Le groupe anti-parti, ainsi appelé par Nikita Khrouchtchev, qu'il a tenté d'évincer du pouvoir en juin 1957, n'était ni opposé au Parti communiste ni vraiment un groupe. Il se composait plutôt de trois des principaux rivaux de Khrouchtchev à la direction du parti, Georgy Malenkov, Vyacheslav Molotov et Lazar Kaganovich, eux-mêmes à peine unis, sauf dans leur souhait d'évincer Khrouchtchev, plus un ensemble diversifié d'alliés qui les ont soutenus à la dernière minute: le chef d'État titulaire Klimenty Voroshilov; président du Conseil des ministres Nikolai Bulganin; les administrateurs économiques centraux Mikhail Pervukhin et Maxim Saburov; et Dmitry Shepilov, le protégé de Khrouchtchev qu'il avait récemment promu ministre des Affaires étrangères.
Quand Josef Staline est mort en mars 1953, Malenkov semblait l'héritier apparent, mais Molotov semblait également être un prétendant au pouvoir suprême. Khrouchtchev s'est joint à eux deux pour faire tomber le chef de la police secrète Lavrenty Beria, qui a été arrêté en juin 1953 et exécuté en décembre. Khrouchtchev s'est ensuite retourné contre Malenkov, qui a été rétrogradé de Premier ministre à ministre de l'électrification en février 1955, puis contre Molotov, qui a rapidement été démis de ses fonctions de ministre des Affaires étrangères. Cependant, Malenkov et Molotov ont été autorisés à rester membres à part entière du Présidium du Parti, ce qui leur a permis de se venger de Khrouchtchev.
La logique du pouvoir au Kremlin, dans laquelle il n'y avait pas de procédure formalisée pour déterminer la succession des dirigeants, expliquait en grande partie cette lutte. Il en fut de même pour certaines différences de politique: Molotov, Kaganovich et Vorochilov furent particulièrement consternés par le «discours secret» de Khrouchtchev attaquant Staline au vingtième congrès du Parti en février 1956, ainsi que par le processus de déstalinisation qu'il avait entamé dans la politique intérieure et étrangère. Malenkov avait semblé plus ouvert à la réforme pendant son mandat de Premier ministre, mais bien que ses compétences et celles de Khrouchtchev auraient pu se compléter, l'animosité personnelle les a séparés. Bien qu'il ait choisi Boulganine pour remplacer Malenkov au poste de Premier ministre, Khrouchtchev dédaigna Boulganine. Pervoukhine et Sabourov se sentaient menacés par la réorganisation proposée par Khrouchtchev de l'administration économique, qui mettait en péril leurs emplois. Shepilov a probablement trahi son patron parce qu'il pensait que Khrouchtchev allait perdre.
Comprenant sept membres à part entière du Présidium, les comploteurs constituaient une majorité. Lorsqu'ils se sont mobilisés contre Khrouchtchev le 18 juin 1957, ils ont compté sur la pratique du Présidium de nommer son propre chef, laissant le Comité central du Parti approuver automatiquement le résultat. Au lieu de cela, cependant, Khrouchtchev a insisté pour que le Comité central lui-même, dans lequel ses partisans dominent, décide de la question. Alors que Khrouchtchev et ses ennemis se disputaient, le KGB (Comité sur la sécurité de l'État) et l'armée ont transporté les membres du Comité central à Moscou pour un plénum qui a eu lieu du 22 au 28 juin.

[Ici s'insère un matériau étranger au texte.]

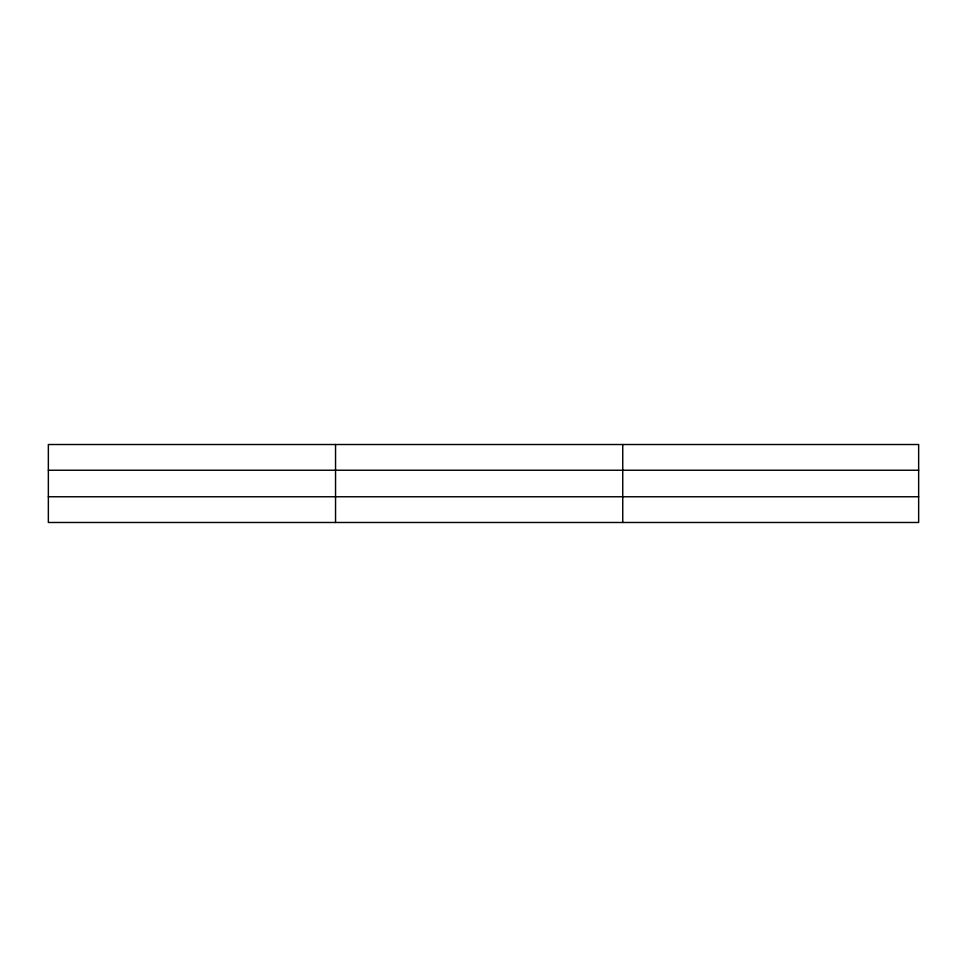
<?xml version="1.0" encoding="UTF-8"?>
<svg xmlns="http://www.w3.org/2000/svg" width="967" height="967" viewBox="0 0 967 967"><rect width="100%" height="100%" fill="white"/><g stroke="black" fill="none" stroke-linecap="round" stroke-linejoin="round"><path stroke-width="1.45" d="M335.549 522.482L335.549 444.518M622.748 522.482L622.748 444.518M918.65 496.76L918.65 522.482L48.35 522.482L48.35 444.518L918.65 444.518L918.65 496.76L48.35 496.76M48.35 470.24L918.65 470.24"/></g></svg>

Les adversaires de Khrouchtchev n'avaient aucune chance une fois le plénum commencé. Molotov, Malenkov et Kaganovich ont été soumis à un barrage d'accusations pour leur complicité dans la terreur de Staline, y compris des détails sur les crimes staliniens qui n'ont pas été entièrement rendus publics jusqu'à la fin des années 1980. Après le plénum, Molotov a été exilé en Mongolie extérieure en tant qu'ambassadeur soviétique, Malenkov au nord du Kazakhstan pour diriger une centrale hydroélectrique, Kaganovich vers une usine de potasse dans la province de Perm et Shepilov pour diriger l'Institut kirghize d'économie. Afin de ne pas révéler combien s'étaient opposés à lui, Khrouchtchev a retardé sa punition du reste du groupe anti-parti: Boulganine est resté premier ministre jusqu'en 1958; Vorochilov ne fut destitué à la tête de l'Etat qu'en 1960. Après le vingt-deuxième congrès du parti en octobre 1961, au cours duquel Khrouchtchev intensifia son attaque totale contre Staline et le stalinisme, Molotov, Malenkov et Kaganovich furent expulsés du Parti communiste.